What the task requires = Look through the records below for the line with "#57=CARTESIAN_POINT('',(2.032,0.,12.446));". Return that line and each one after it up to and including the line with "#77=CARTESIAN_POINT('',(2.032,0.,10.16));", exactly.
● ● ●
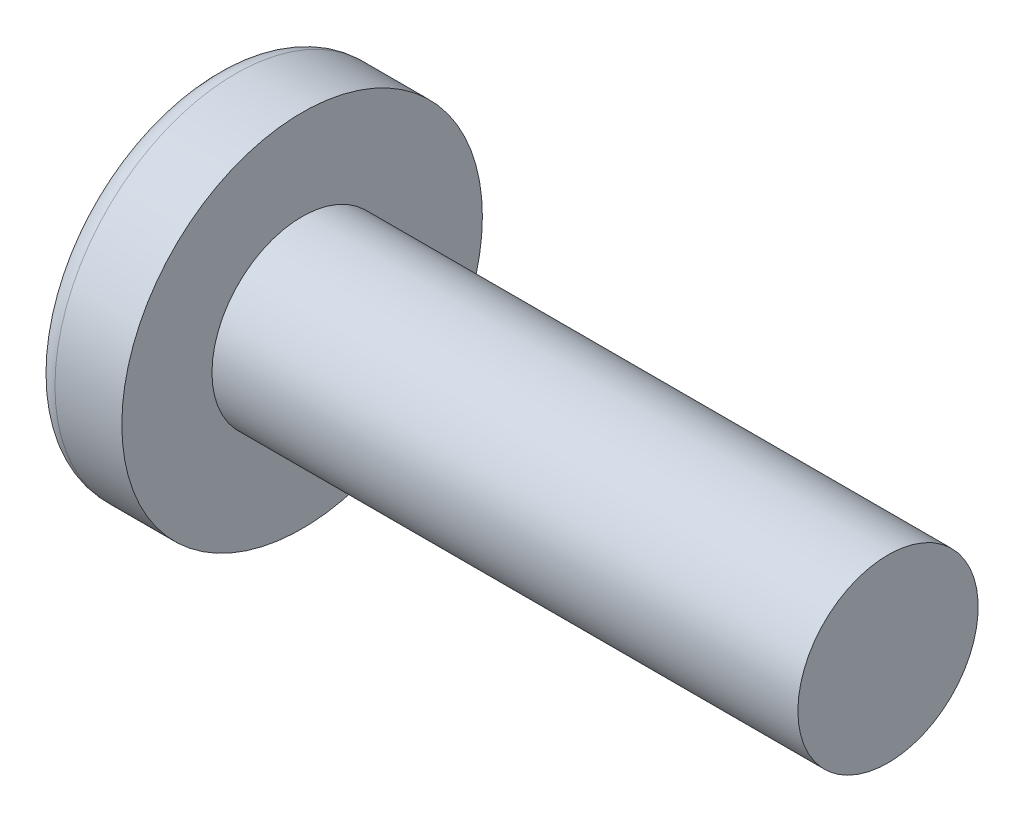
ISO-10303-21;
HEADER;
FILE_DESCRIPTION(('STEP AP214'),'2;1');
FILE_NAME('part.step','',(''),(''),'','','');
FILE_SCHEMA(('AUTOMOTIVE_DESIGN { 1 0 10303 214 1 1 1 1 }'));
ENDSEC;
DATA;
#1=APPLICATION_CONTEXT('core data for automotive mechanical design processes');
#2=APPLICATION_PROTOCOL_DEFINITION('international standard','automotive_design',2000,#1);
#3=PRODUCT_CONTEXT('',#1,'mechanical');
#4=PRODUCT('Part','Part','',(#3));
#5=PRODUCT_RELATED_PRODUCT_CATEGORY('part','',(#4));
#6=PRODUCT_DEFINITION_FORMATION('','',#4);
#7=PRODUCT_DEFINITION_CONTEXT('part definition',#1,'design');
#8=PRODUCT_DEFINITION('design','',#6,#7);
#9=PRODUCT_DEFINITION_SHAPE('','',#8);
#10=(LENGTH_UNIT() NAMED_UNIT(*) SI_UNIT(.MILLI.,.METRE.));
#11=(NAMED_UNIT(*) PLANE_ANGLE_UNIT() SI_UNIT($,.RADIAN.));
#12=(NAMED_UNIT(*) SI_UNIT($,.STERADIAN.) SOLID_ANGLE_UNIT());
#13=UNCERTAINTY_MEASURE_WITH_UNIT(LENGTH_MEASURE(1.E-05),#10,'distance_accuracy_value','');
#14=(GEOMETRIC_REPRESENTATION_CONTEXT(3) GLOBAL_UNCERTAINTY_ASSIGNED_CONTEXT((#13)) GLOBAL_UNIT_ASSIGNED_CONTEXT((#10,
#11,#12)) REPRESENTATION_CONTEXT('',''));
#15=CARTESIAN_POINT('',(0.,0.,0.));
#16=DIRECTION('',(0.,0.,1.));
#17=DIRECTION('',(1.,0.,0.));
#18=AXIS2_PLACEMENT_3D('',#15,#16,#17);
#19=CARTESIAN_POINT('',(6.5,0.,0.));
#20=DIRECTION('',(-1.,0.,0.));
#21=DIRECTION('',(0.,1.,0.));
#22=AXIS2_PLACEMENT_3D('',#19,#20,#21);
#23=SPHERICAL_SURFACE('',#22,6.5);
#24=CARTESIAN_POINT('',(1.22696010591455,0.,0.));
#25=DIRECTION('',(-1.,0.,0.));
#26=DIRECTION('',(0.,0.,1.));
#27=AXIS2_PLACEMENT_3D('',#24,#25,#26);
#28=CIRCLE('',#27,3.80066445182724);
#29=CARTESIAN_POINT('',(1.22696010591455,0.,3.80066445182724));
#30=VERTEX_POINT('',#29);
#31=EDGE_CURVE('E152',#30,#30,#28,.T.);
#32=ORIENTED_EDGE('',*,*,#31,.T.);
#33=EDGE_LOOP('',(#32));
#34=FACE_BOUND('',#33,.T.);
#35=CARTESIAN_POINT('',(6.48571960757402,-0.15048155459631,0.));
#36=DIRECTION('',(-0.0944735162161081,-0.995527375180494,0.));
#37=DIRECTION('',(0.995527375180494,-0.0944735162161081,0.));
#38=AXIS2_PLACEMENT_3D('',#35,#36,#37);
#39=CIRCLE('',#38,6.49824217555167);
#40=CARTESIAN_POINT('',(0.314004666074211,0.4352015980154,1.94783502836694));
#41=VERTEX_POINT('',#40);
#42=CARTESIAN_POINT('',(0.0329034112486436,0.461877533422321,0.461877533422323));
#43=VERTEX_POINT('',#42);
#44=EDGE_CURVE('E183',#41,#43,#39,.T.);
#45=ORIENTED_EDGE('',*,*,#44,.F.);
#46=CARTESIAN_POINT('',(5.02565375064329,0.,-1.83590765485334));
#47=DIRECTION('',(0.626149356629992,0.,0.779703137861998));
#48=DIRECTION('',(0.779703137861998,0.,-0.626149356629992));
#49=AXIS2_PLACEMENT_3D('',#46,#47,#48);
#50=CIRCLE('',#49,6.05852673674539);
#51=CARTESIAN_POINT('',(0.314004666074211,-0.435201598015413,1.94783502836693));
#52=VERTEX_POINT('',#51);
#53=EDGE_CURVE('E148',#41,#52,#50,.T.);
#54=ORIENTED_EDGE('',*,*,#53,.T.);
#55=CARTESIAN_POINT('',(6.48571960757402,0.15048155459631,0.));
#56=DIRECTION('',(-0.0944735162161081,0.995527375180494,0.));
#57=DIRECTION('',(-0.995527375180494,-0.0944735162161081,0.));
#58=AXIS2_PLACEMENT_3D('',#55,#56,#57);
#59=CIRCLE('',#58,6.49824217555167);
#60=CARTESIAN_POINT('',(0.0329034112486436,-0.461877533422324,0.461877533422323));
#61=VERTEX_POINT('',#60);
#62=EDGE_CURVE('E104',#61,#52,#59,.T.);
#63=ORIENTED_EDGE('',*,*,#62,.F.);
#64=CARTESIAN_POINT('',(6.48571960757402,0.,-0.15048155459631));
#65=DIRECTION('',(-0.0944735162161081,0.,-0.995527375180494));
#66=DIRECTION('',(-0.995527375180494,0.,0.0944735162161081));
#67=AXIS2_PLACEMENT_3D('',#64,#65,#66);
#68=CIRCLE('',#67,6.49824217555167);
#69=CARTESIAN_POINT('',(0.31400466607421,-1.94783502836693,0.435201598015406));
#70=VERTEX_POINT('',#69);
#71=EDGE_CURVE('E129',#70,#61,#68,.T.);
#72=ORIENTED_EDGE('',*,*,#71,.F.);
#73=CARTESIAN_POINT('',(5.02565375064329,1.83590765485334,0.));
#74=DIRECTION('',(0.626149356629992,-0.779703137861998,0.));
#75=DIRECTION('',(0.779703137861998,0.626149356629992,0.));
#76=AXIS2_PLACEMENT_3D('',#73,#74,#75);
#77=CIRCLE('',#76,6.05852673674539);
#78=CARTESIAN_POINT('',(0.31400466607421,-1.94783502836693,-0.435201598015407));
#79=VERTEX_POINT('',#78);
#80=EDGE_CURVE('E137',#70,#79,#77,.T.);
#81=ORIENTED_EDGE('',*,*,#80,.T.);
#82=CARTESIAN_POINT('',(6.48571960757402,0.,0.15048155459631));
#83=DIRECTION('',(-0.0944735162161081,0.,0.995527375180494));
#84=DIRECTION('',(0.995527375180494,0.,0.0944735162161081));
#85=AXIS2_PLACEMENT_3D('',#82,#83,#84);
#86=CIRCLE('',#85,6.49824217555167);
#87=CARTESIAN_POINT('',(0.0329034112486436,-0.461877533422321,-0.461877533422323));
#88=VERTEX_POINT('',#87);
#89=EDGE_CURVE('E47',#88,#79,#86,.T.);
#90=ORIENTED_EDGE('',*,*,#89,.F.);
#91=CARTESIAN_POINT('',(0.314004666074211,-0.435201598015399,-1.94783502836694));
#92=VERTEX_POINT('',#91);
#93=EDGE_CURVE('E190',#92,#88,#59,.T.);
#94=ORIENTED_EDGE('',*,*,#93,.F.);
#95=CARTESIAN_POINT('',(5.02565375064329,0.,1.83590765485334));
#96=DIRECTION('',(0.626149356629992,0.,-0.779703137861998));
#97=DIRECTION('',(-0.779703137861998,0.,-0.626149356629992));
#98=AXIS2_PLACEMENT_3D('',#95,#96,#97);
#99=CIRCLE('',#98,6.05852673674539);
#100=CARTESIAN_POINT('',(0.314004666074212,0.435201598015413,-1.94783502836693));
#101=VERTEX_POINT('',#100);
#102=EDGE_CURVE('E130',#92,#101,#99,.T.);
#103=ORIENTED_EDGE('',*,*,#102,.T.);
#104=CARTESIAN_POINT('',(0.0329034112486436,0.461877533422324,-0.461877533422323));
#105=VERTEX_POINT('',#104);
#106=EDGE_CURVE('E178',#105,#101,#39,.T.);
#107=ORIENTED_EDGE('',*,*,#106,.F.);
#108=CARTESIAN_POINT('',(0.314004666074212,1.94783502836693,-0.435201598015406));
#109=VERTEX_POINT('',#108);
#110=EDGE_CURVE('E40',#109,#105,#86,.T.);
#111=ORIENTED_EDGE('',*,*,#110,.F.);
#112=CARTESIAN_POINT('',(5.02565375064329,-1.83590765485334,0.));
#113=DIRECTION('',(0.626149356629992,0.779703137861998,0.));
#114=DIRECTION('',(-0.779703137861998,0.626149356629992,0.));
#115=AXIS2_PLACEMENT_3D('',#112,#113,#114);
#116=CIRCLE('',#115,6.05852673674539);
#117=CARTESIAN_POINT('',(0.314004666074212,1.94783502836693,0.435201598015407));
#118=VERTEX_POINT('',#117);
#119=EDGE_CURVE('E11',#109,#118,#116,.T.);
#120=ORIENTED_EDGE('',*,*,#119,.T.);
#121=EDGE_CURVE('E166',#43,#118,#68,.T.);
#122=ORIENTED_EDGE('',*,*,#121,.F.);
#123=EDGE_LOOP('',(#45,#54,#63,#72,#81,#90,#94,#103,#107,#111,#120,#122));
#124=FACE_BOUND('',#123,.T.);
#125=ADVANCED_FACE('F32',(#34,#124),#23,.T.);
#126=CARTESIAN_POINT('',(2.73951715374841,0.,-0.20502541296061));
#127=DIRECTION('',(-0.0944735162161081,0.,0.995527375180494));
#128=DIRECTION('',(0.995527375180494,0.,0.0944735162161081));
#129=AXIS2_PLACEMENT_3D('',#126,#127,#128);
#130=PLANE('',#129);
#131=ORIENTED_EDGE('',*,*,#110,.T.);
#132=DIRECTION('',(0.991114231601325,-0.0940547178968607,0.0940547178968604));
#133=VECTOR('',#132,1.);
#134=CARTESIAN_POINT('',(2.75862941145706,0.203211698708667,-0.203211698708667));
#135=LINE('',#134,#133);
#136=CARTESIAN_POINT('',(2.45,0.232500000000001,-0.232499999999999));
#137=VERTEX_POINT('',#136);
#138=EDGE_CURVE('E172',#105,#137,#135,.T.);
#139=ORIENTED_EDGE('',*,*,#138,.T.);
#140=DIRECTION('',(0.777577482844895,-0.624442325509115,0.0737905162291584));
#141=VECTOR('',#140,1.);
#142=CARTESIAN_POINT('',(0.,2.2,-0.465));
#143=LINE('',#142,#141);
#144=EDGE_CURVE('E153',#109,#137,#143,.T.);
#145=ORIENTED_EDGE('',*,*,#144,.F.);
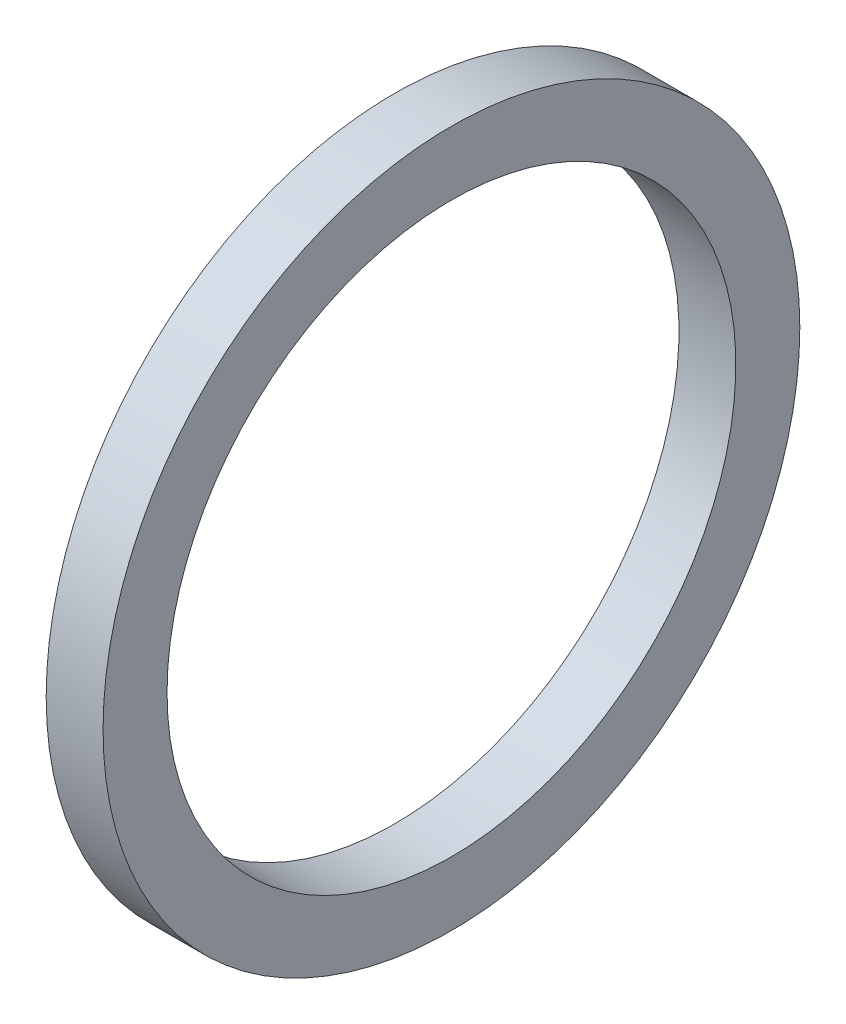
ISO-10303-21;
HEADER;
FILE_DESCRIPTION(('STEP AP214'),'2;1');
FILE_NAME('part.step','',(''),(''),'','','');
FILE_SCHEMA(('AUTOMOTIVE_DESIGN { 1 0 10303 214 1 1 1 1 }'));
ENDSEC;
DATA;
#1=APPLICATION_CONTEXT('core data for automotive mechanical design processes');
#2=APPLICATION_PROTOCOL_DEFINITION('international standard','automotive_design',2000,#1);
#3=PRODUCT_CONTEXT('',#1,'mechanical');
#4=PRODUCT('Part','Part','',(#3));
#5=PRODUCT_RELATED_PRODUCT_CATEGORY('part','',(#4));
#6=PRODUCT_DEFINITION_FORMATION('','',#4);
#7=PRODUCT_DEFINITION_CONTEXT('part definition',#1,'design');
#8=PRODUCT_DEFINITION('design','',#6,#7);
#9=PRODUCT_DEFINITION_SHAPE('','',#8);
#10=(LENGTH_UNIT() NAMED_UNIT(*) SI_UNIT(.MILLI.,.METRE.));
#11=(NAMED_UNIT(*) PLANE_ANGLE_UNIT() SI_UNIT($,.RADIAN.));
#12=(NAMED_UNIT(*) SI_UNIT($,.STERADIAN.) SOLID_ANGLE_UNIT());
#13=UNCERTAINTY_MEASURE_WITH_UNIT(LENGTH_MEASURE(1.E-05),#10,'distance_accuracy_value','');
#14=(GEOMETRIC_REPRESENTATION_CONTEXT(3) GLOBAL_UNCERTAINTY_ASSIGNED_CONTEXT((#13)) GLOBAL_UNIT_ASSIGNED_CONTEXT((#10,
#11,#12)) REPRESENTATION_CONTEXT('',''));
#15=CARTESIAN_POINT('',(0.,0.,0.));
#16=DIRECTION('',(0.,0.,1.));
#17=DIRECTION('',(1.,0.,0.));
#18=AXIS2_PLACEMENT_3D('',#15,#16,#17);
#19=CARTESIAN_POINT('',(0.,-10.16,0.));
#20=DIRECTION('',(-1.,0.,0.));
#21=DIRECTION('',(0.,0.,1.));
#22=AXIS2_PLACEMENT_3D('',#19,#20,#21);
#23=PLANE('',#22);
#24=CARTESIAN_POINT('',(0.,0.,0.));
#25=DIRECTION('',(-1.,0.,0.));
#26=DIRECTION('',(0.,0.,1.));
#27=AXIS2_PLACEMENT_3D('',#24,#25,#26);
#28=CIRCLE('',#27,12.446);
#29=CARTESIAN_POINT('',(0.,0.,12.446));
#30=VERTEX_POINT('',#29);
#31=EDGE_CURVE('E10',#30,#30,#28,.T.);
#32=ORIENTED_EDGE('',*,*,#31,.T.);
#33=EDGE_LOOP('',(#32));
#34=FACE_BOUND('',#33,.T.);
#35=CARTESIAN_POINT('',(0.,0.,0.));
#36=DIRECTION('',(-1.,0.,0.));
#37=DIRECTION('',(0.,0.,1.));
#38=AXIS2_PLACEMENT_3D('',#35,#36,#37);
#39=CIRCLE('',#38,10.16);
#40=CARTESIAN_POINT('',(0.,0.,10.16));
#41=VERTEX_POINT('',#40);
#42=EDGE_CURVE('E43',#41,#41,#39,.T.);
#43=ORIENTED_EDGE('',*,*,#42,.F.);
#44=EDGE_LOOP('',(#43));
#45=FACE_BOUND('',#44,.T.);
#46=ADVANCED_FACE('F29',(#34,#45),#23,.T.);
#47=CARTESIAN_POINT('',(-43.7165807560137,0.,0.));
#48=DIRECTION('',(-1.,0.,0.));
#49=DIRECTION('',(0.,0.,1.));
#50=AXIS2_PLACEMENT_3D('',#47,#48,#49);
#51=CYLINDRICAL_SURFACE('',#50,12.446);
#52=CARTESIAN_POINT('',(2.032,0.,0.));
#53=DIRECTION('',(-1.,0.,0.));
#54=DIRECTION('',(0.,0.,1.));
#55=AXIS2_PLACEMENT_3D('',#52,#53,#54);
#56=CIRCLE('',#55,12.446);
#57=CARTESIAN_POINT('',(2.032,0.,12.446));
#58=VERTEX_POINT('',#57);
#59=EDGE_CURVE('E35',#58,#58,#56,.T.);
#60=ORIENTED_EDGE('',*,*,#59,.T.);
#61=EDGE_LOOP('',(#60));
#62=FACE_BOUND('',#61,.T.);
#63=ORIENTED_EDGE('',*,*,#31,.F.);
#64=EDGE_LOOP('',(#63));
#65=FACE_BOUND('',#64,.T.);
#66=ADVANCED_FACE('F53',(#62,#65),#51,.T.);
#67=CARTESIAN_POINT('',(2.032,-10.16,0.));
#68=DIRECTION('',(1.,0.,0.));
#69=DIRECTION('',(0.,0.,-1.));
#70=AXIS2_PLACEMENT_3D('',#67,#68,#69);
#71=PLANE('',#70);
#72=CARTESIAN_POINT('',(2.032,0.,0.));
#73=DIRECTION('',(-1.,0.,0.));
#74=DIRECTION('',(0.,0.,1.));
#75=AXIS2_PLACEMENT_3D('',#72,#73,#74);
#76=CIRCLE('',#75,10.16);
#77=CARTESIAN_POINT('',(2.032,0.,10.16));
#78=VERTEX_POINT('',#77);
#79=EDGE_CURVE('E39',#78,#78,#76,.T.);
#80=ORIENTED_EDGE('',*,*,#79,.T.);
#81=EDGE_LOOP('',(#80));
#82=FACE_BOUND('',#81,.T.);
#83=ORIENTED_EDGE('',*,*,#59,.F.);
#84=EDGE_LOOP('',(#83));
#85=FACE_BOUND('',#84,.T.);
#86=ADVANCED_FACE('F57',(#82,#85),#71,.T.);
#87=CARTESIAN_POINT('',(-43.7165807560137,0.,0.));
#88=DIRECTION('',(-1.,0.,0.));
#89=DIRECTION('',(0.,0.,1.));
#90=AXIS2_PLACEMENT_3D('',#87,#88,#89);
#91=CYLINDRICAL_SURFACE('',#90,10.16);
#92=ORIENTED_EDGE('',*,*,#42,.T.);
#93=EDGE_LOOP('',(#92));
#94=FACE_BOUND('',#93,.T.);
#95=ORIENTED_EDGE('',*,*,#79,.F.);
#96=EDGE_LOOP('',(#95));
#97=FACE_BOUND('',#96,.T.);
#98=ADVANCED_FACE('F49',(#94,#97),#91,.F.);
#99=CLOSED_SHELL('',(#46,#66,#86,#98));
#100=MANIFOLD_SOLID_BREP('B2',#99);
#101=ADVANCED_BREP_SHAPE_REPRESENTATION('',(#18,#100),#14);
#102=SHAPE_DEFINITION_REPRESENTATION(#9,#101);
ENDSEC;
END-ISO-10303-21;
● ● ●
Task answer =
#57=CARTESIAN_POINT('',(2.032,0.,12.446));
#58=VERTEX_POINT('',#57);
#59=EDGE_CURVE('E35',#58,#58,#56,.T.);
#60=ORIENTED_EDGE('',*,*,#59,.T.);
#61=EDGE_LOOP('',(#60));
#62=FACE_BOUND('',#61,.T.);
#63=ORIENTED_EDGE('',*,*,#31,.F.);
#64=EDGE_LOOP('',(#63));
#65=FACE_BOUND('',#64,.T.);
#66=ADVANCED_FACE('F53',(#62,#65),#51,.T.);
#67=CARTESIAN_POINT('',(2.032,-10.16,0.));
#68=DIRECTION('',(1.,0.,0.));
#69=DIRECTION('',(0.,0.,-1.));
#70=AXIS2_PLACEMENT_3D('',#67,#68,#69);
#71=PLANE('',#70);
#72=CARTESIAN_POINT('',(2.032,0.,0.));
#73=DIRECTION('',(-1.,0.,0.));
#74=DIRECTION('',(0.,0.,1.));
#75=AXIS2_PLACEMENT_3D('',#72,#73,#74);
#76=CIRCLE('',#75,10.16);
#77=CARTESIAN_POINT('',(2.032,0.,10.16));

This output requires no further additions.